■ **Task inputs**
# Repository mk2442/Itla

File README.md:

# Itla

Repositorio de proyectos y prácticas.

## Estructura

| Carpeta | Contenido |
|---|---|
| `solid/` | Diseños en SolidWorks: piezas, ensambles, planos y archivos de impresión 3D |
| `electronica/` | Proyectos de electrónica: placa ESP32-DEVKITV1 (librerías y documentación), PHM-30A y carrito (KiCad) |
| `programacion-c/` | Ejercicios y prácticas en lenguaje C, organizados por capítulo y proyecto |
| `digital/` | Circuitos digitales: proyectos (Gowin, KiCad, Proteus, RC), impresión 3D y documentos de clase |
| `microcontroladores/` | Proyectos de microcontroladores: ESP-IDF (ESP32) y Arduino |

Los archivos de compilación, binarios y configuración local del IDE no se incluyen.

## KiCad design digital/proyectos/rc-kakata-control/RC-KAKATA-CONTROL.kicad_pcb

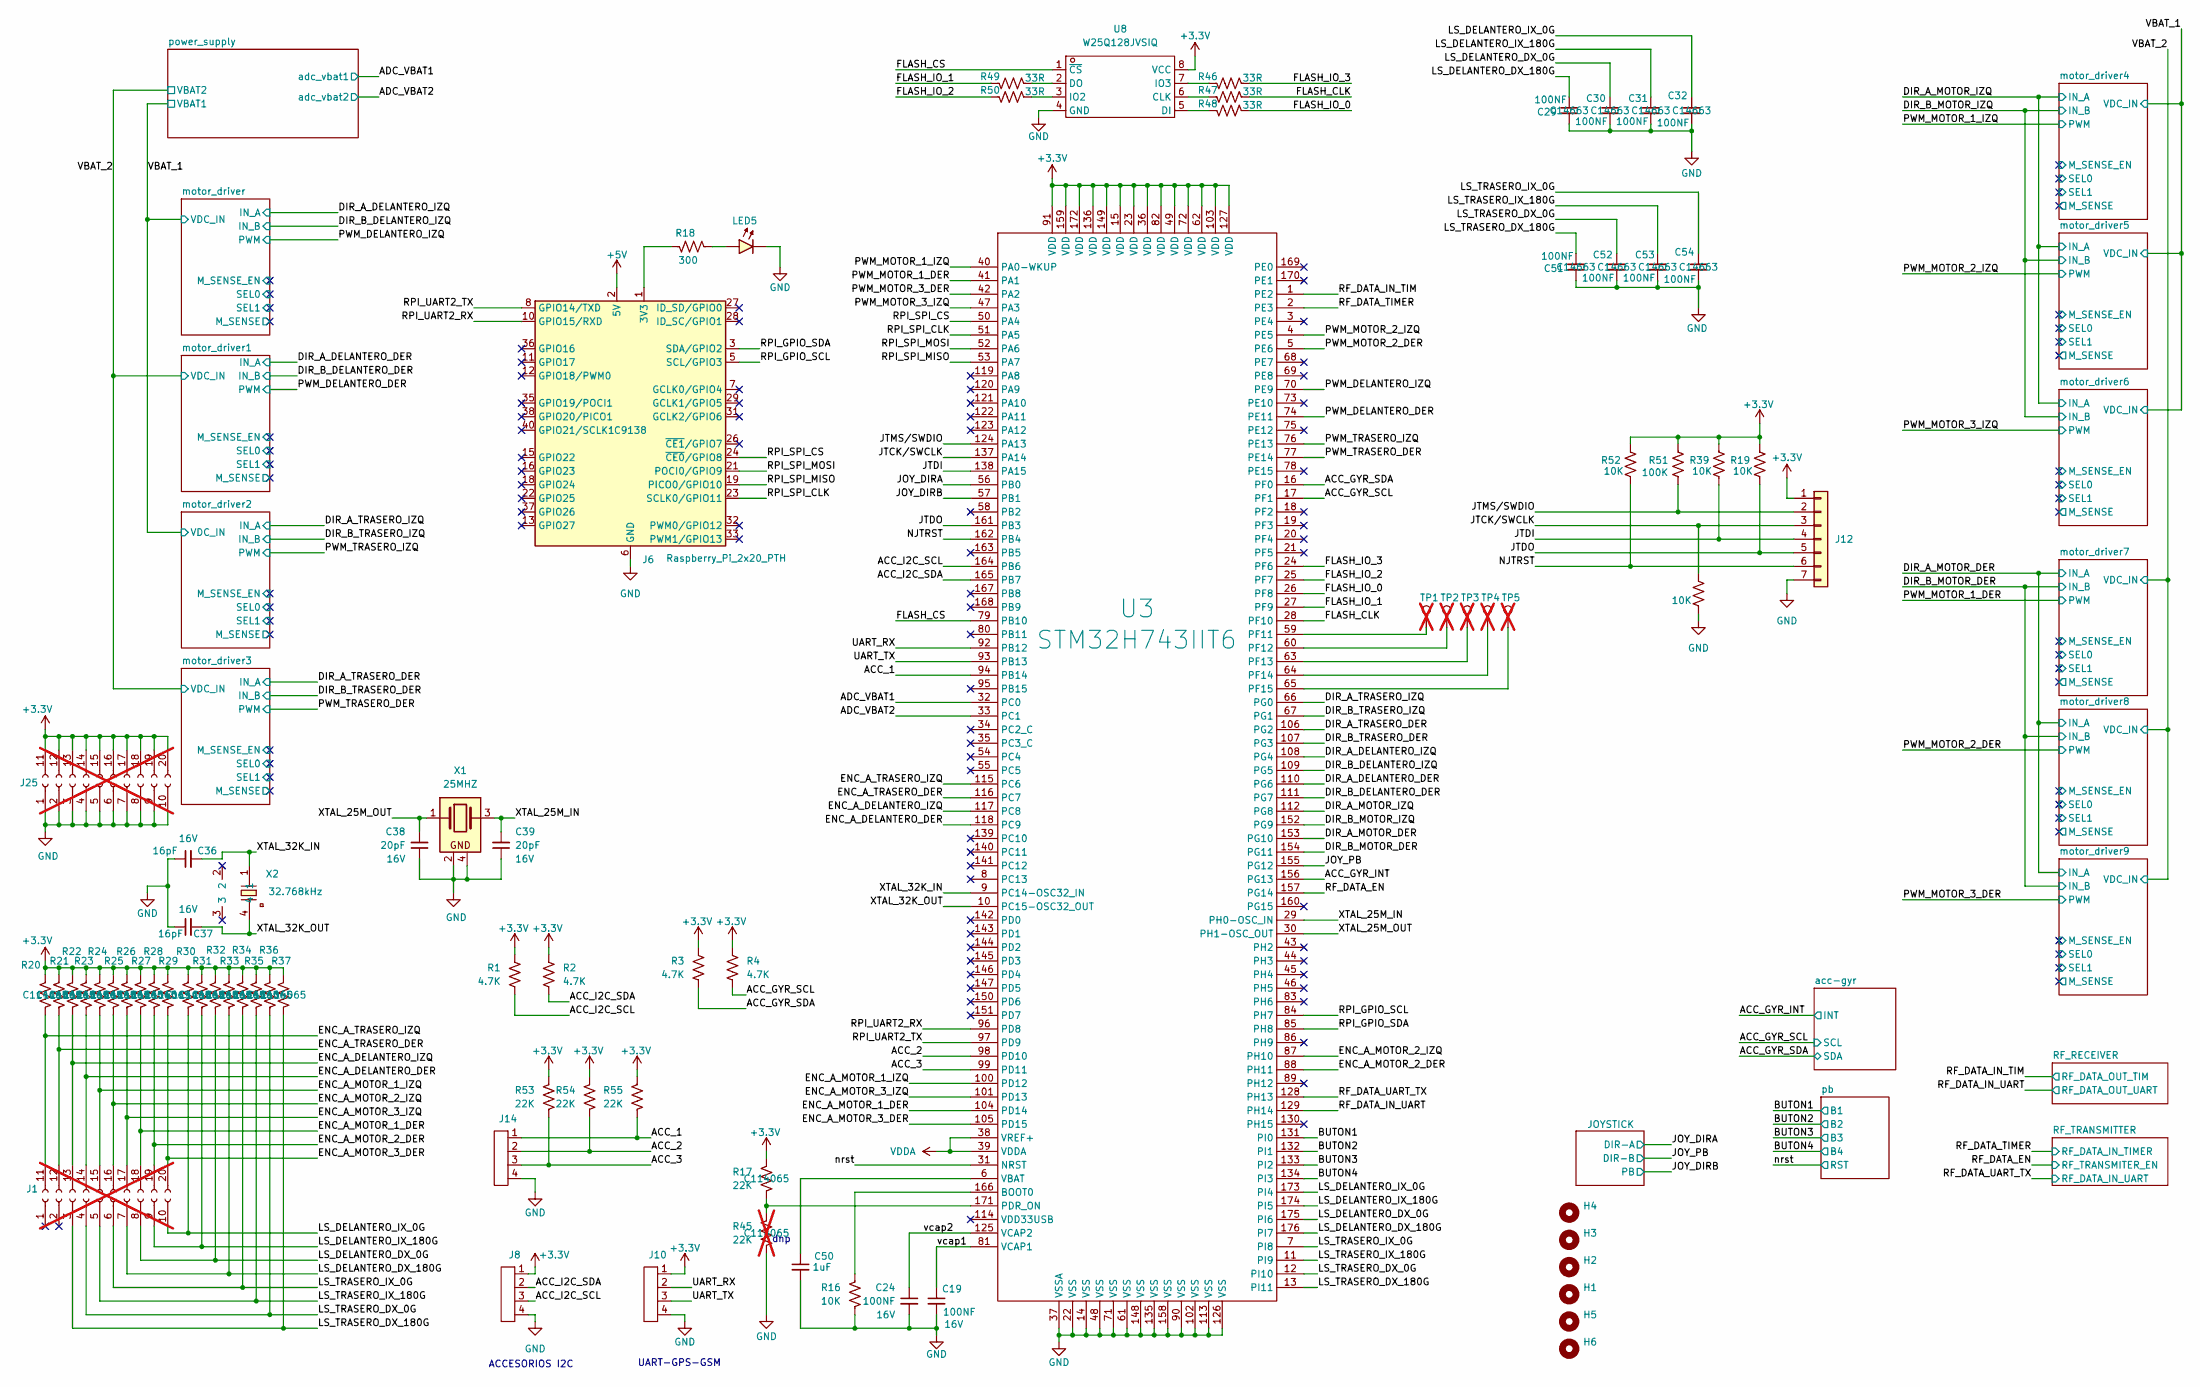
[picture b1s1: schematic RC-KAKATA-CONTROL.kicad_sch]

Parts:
C19, C24, C29, C30, C31, C32, C51, C52, C53, C54: 100NF; C_0603; Part Number 0603YC104KAT2A; JLCPCB ID C14663
C36, C37: 16pF; C_0603; Part Number 0603YC104KAT2A; JLCPCB ID C14663
C38, C39: 20pF; C_0603; Part Number 0603YC104KAT2A; JLCPCB ID C14663
C50: 1uF; C_0603; Part Number 0603YC104KAT2A; JLCPCB ID C14663
H1, H2, H3, H4, H5, H6: MountingHole; MountingHole_3.2mm_M3
J1, J25: Conn_02x20_Socket_DG250T-5.0-20P; DG250T-5.0-20P; not fitted
J6: Raspberry_Pi_2x20_PTH; 2x20_Shrouded; LCSC Part C9138
J8, J10, J14: DB125-2.54-4P-GN; CONN-TH_DB125-2.54-4P-GN; LCSC Part C918122
J12: Conn_01x07; PinHeader_1x07_P2.54mm_Vertical; LCSC Part C6332200
LED5: LED_0603_Red; LED_0603_1608Metric; LCSC Part C965799
R1, R2, R3, R4: 4.7K; R_0603; Part Number RC0603FR-0710KL; LCSC Part C99782
R16, R19, R38, R39, R52: 10K; R_0603; Part Number RC0603FR-0710KL; LCSC Part C98220
R17, R20, R21, R22, R23, R24, R25, R26, R27, R28, R29, R30, R31, R32, R33, R34, R35, R36, R37, R53, R54, R55: 22K; R_0603; Part Number RC0603FR-0710KL; LCSC Part C114065
R18: 300; R_0603; Part Number RC0603FR-0710KL; LCSC Part C114617
R45: 22K; R_0603; Part Number RC0603FR-0710KL; LCSC Part C114065; not fitted
R46, R47, R48, R49, R50: 33R; R_0603; Part Number RC0603FR-0710KL; LCSC Part C108661
R51: 100K; R_0603; Part Number RC0603FR-0710KL; LCSC Part C14675
TP1, TP2, TP3, TP4, TP5: TestPoint_Hole1; TestPoint_WireHole; not fitted
U3: STM32H743IIT6; LQFP-176_L24.0-W24.0-P0.50-LS26.0-BL; LCSC Part C89597
U8: W25Q128JVSIQ; SOIC-8_L5.3-W5.3-P1.27-LS8.0-BL; LCSC Part C97521
X1: 25MHZ; Crystal_SMD_3225-4Pin_3.2x2.5mm; PART_NUMBER XL2EL89CSI-111YLC-25M; LCSC Part C5280577
X2: 32.768kHz; MC-306_4P-L8.0-W3.2-P5.5-BL; PART_NUMBER Q13MC30610003; LCSC Part C16320

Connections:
+3.3V: J8.1, J10.1, J12.1, J25.11 (Pin_1), J25.12 (Pin_2), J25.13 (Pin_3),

■ **Instructions for the task**
Please write every line above out exactly as given, except for any pictures.

■ **Answer section**
# Repository mk2442/Itla

File README.md:

# Itla

Repositorio de proyectos y prácticas.

## Estructura

| Carpeta | Contenido |
|---|---|
| `solid/` | Diseños en SolidWorks: piezas, ensambles, planos y archivos de impresión 3D |
| `electronica/` | Proyectos de electrónica: placa ESP32-DEVKITV1 (librerías y documentación), PHM-30A y carrito (KiCad) |
| `programacion-c/` | Ejercicios y prácticas en lenguaje C, organizados por capítulo y proyecto |
| `digital/` | Circuitos digitales: proyectos (Gowin, KiCad, Proteus, RC), impresión 3D y documentos de clase |
| `microcontroladores/` | Proyectos de microcontroladores: ESP-IDF (ESP32) y Arduino |

Los archivos de compilación, binarios y configuración local del IDE no se incluyen.

## KiCad design digital/proyectos/rc-kakata-control/RC-KAKATA-CONTROL.kicad_pcb

[picture b1s1: schematic RC-KAKATA-CONTROL.kicad_sch]

Parts:
C19, C24, C29, C30, C31, C32, C51, C52, C53, C54: 100NF; C_0603; Part Number 0603YC104KAT2A; JLCPCB ID C14663
C36, C37: 16pF; C_0603; Part Number 0603YC104KAT2A; JLCPCB ID C14663
C38, C39: 20pF; C_0603; Part Number 0603YC104KAT2A; JLCPCB ID C14663
C50: 1uF; C_0603; Part Number 0603YC104KAT2A; JLCPCB ID C14663
H1, H2, H3, H4, H5, H6: MountingHole; MountingHole_3.2mm_M3
J1, J25: Conn_02x20_Socket_DG250T-5.0-20P; DG250T-5.0-20P; not fitted
J6: Raspberry_Pi_2x20_PTH; 2x20_Shrouded; LCSC Part C9138
J8, J10, J14: DB125-2.54-4P-GN; CONN-TH_DB125-2.54-4P-GN; LCSC Part C918122
J12: Conn_01x07; PinHeader_1x07_P2.54mm_Vertical; LCSC Part C6332200
LED5: LED_0603_Red; LED_0603_1608Metric; LCSC Part C965799
R1, R2, R3, R4: 4.7K; R_0603; Part Number RC0603FR-0710KL; LCSC Part C99782
R16, R19, R38, R39, R52: 10K; R_0603; Part Number RC0603FR-0710KL; LCSC Part C98220
R17, R20, R21, R22, R23, R24, R25, R26, R27, R28, R29, R30, R31, R32, R33, R34, R35, R36, R37, R53, R54, R55: 22K; R_0603; Part Number RC0603FR-0710KL; LCSC Part C114065
R18: 300; R_0603; Part Number RC0603FR-0710KL; LCSC Part C114617
R45: 22K; R_0603; Part Number RC0603FR-0710KL; LCSC Part C114065; not fitted
R46, R47, R48, R49, R50: 33R; R_0603; Part Number RC0603FR-0710KL; LCSC Part C108661
R51: 100K; R_0603; Part Number RC0603FR-0710KL; LCSC Part C14675
TP1, TP2, TP3, TP4, TP5: TestPoint_Hole1; TestPoint_WireHole; not fitted
U3: STM32H743IIT6; LQFP-176_L24.0-W24.0-P0.50-LS26.0-BL; LCSC Part C89597
U8: W25Q128JVSIQ; SOIC-8_L5.3-W5.3-P1.27-LS8.0-BL; LCSC Part C97521
X1: 25MHZ; Crystal_SMD_3225-4Pin_3.2x2.5mm; PART_NUMBER XL2EL89CSI-111YLC-25M; LCSC Part C5280577
X2: 32.768kHz; MC-306_4P-L8.0-W3.2-P5.5-BL; PART_NUMBER Q13MC30610003; LCSC Part C16320

Connections:
+3.3V: J8.1, J10.1, J12.1, J25.11 (Pin_1), J25.12 (Pin_2), J25.13 (Pin_3),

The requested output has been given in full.